**WHAT YOU ARE ASKED TO DO:** Look through the records below for the line holding "import ezdxf". Write it out exactly, with each following line through the line holding "msp = doc.modelspace()".

(Items listed in a dataset)
##########
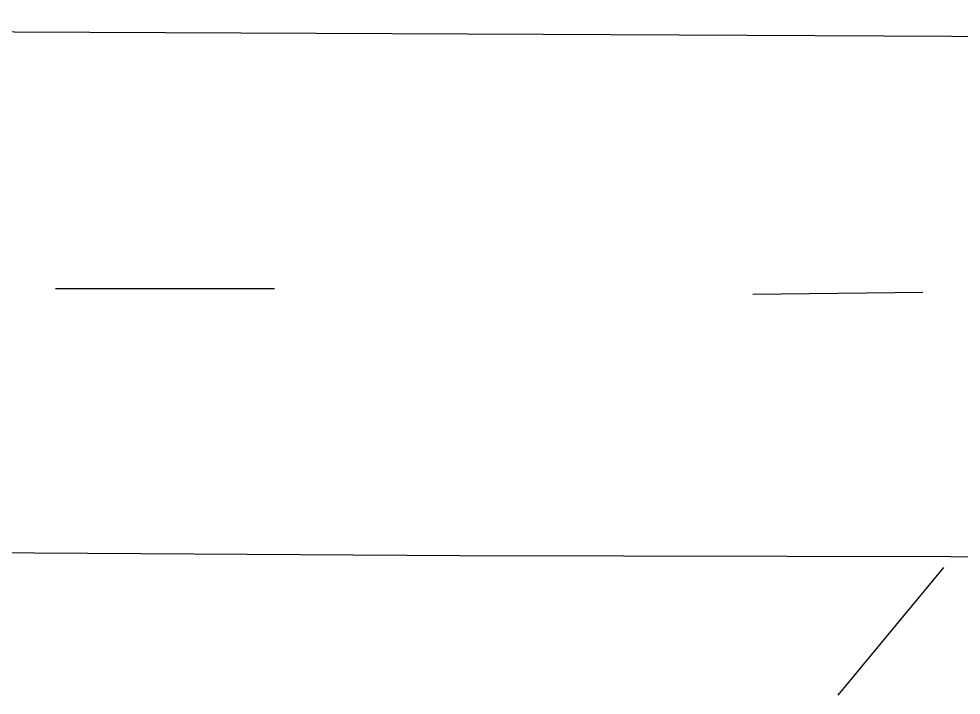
# Model space of a CAD drawing. Header units: feet. Extents: x 6430745 to 6432191, y 1887663 to 1888575.
# Drawn here: x 6431862.55 to 6431898.21, y 1887923 to 1887948.61 of the extents above; entities that cross this region are included whole.
import ezdxf

# ---------------------------------------------------------------- set-up
doc = ezdxf.new("R2010")
doc.units = ezdxf.units.FT
doc.header["$MEASUREMENT"] = 0
doc.layers.add('VF-ROAD-STRP-WHIT-LINE-', color=253, linetype='Continuous', lineweight=25)

msp = doc.modelspace()

# ---------------------------------------------------------------- linework, layer by layer
at = {"layer": 'VF-ROAD-STRP-WHIT-LINE-'}
for p, q in [((6431863.938, 1887938.401), (6431872.23, 1887938.4)), ((6431890.327, 1887938.185), (6431896.758, 1887938.261)), ((6431897.533, 1887927.839), (6431893.537, 1887923))]:
    msp.add_line(p, q, dxfattribs=at)
at = {"layer": 'VF-ROAD-STRP-WHIT-LINE-', "flags": 128}
for points in [[(6431989.753, 1887927.793), (6431928.843, 1887928.172), (6431879.222, 1887928.273), (6431841.027, 1887928.518), (6431799.239, 1887928.732), (6431751.124, 1887929.073), (6431698.934, 1887929.376), (6431684.612, 1887929.29), (6431669.584, 1887939.466), (6431641.594, 1887958.518), (6431610.285, 1887979.093)], [(6431989.51, 1887947.637), (6431968.638, 1887947.691), (6431926.157, 1887947.801), (6431882.397, 1887948.016), (6431845.217, 1887948.182), (6431784.836, 1887948.366)]]:
    msp.add_lwpolyline(points, dxfattribs=at)

doc.saveas('drawing.dxf')
##########
**SOLUTION BELOW:**
import ezdxf

# ---------------------------------------------------------------- set-up
doc = ezdxf.new("R2010")
doc.units = ezdxf.units.FT
doc.header["$MEASUREMENT"] = 0
doc.layers.add('VF-ROAD-STRP-WHIT-LINE-', color=253, linetype='Continuous', lineweight=25)

msp = doc.modelspace()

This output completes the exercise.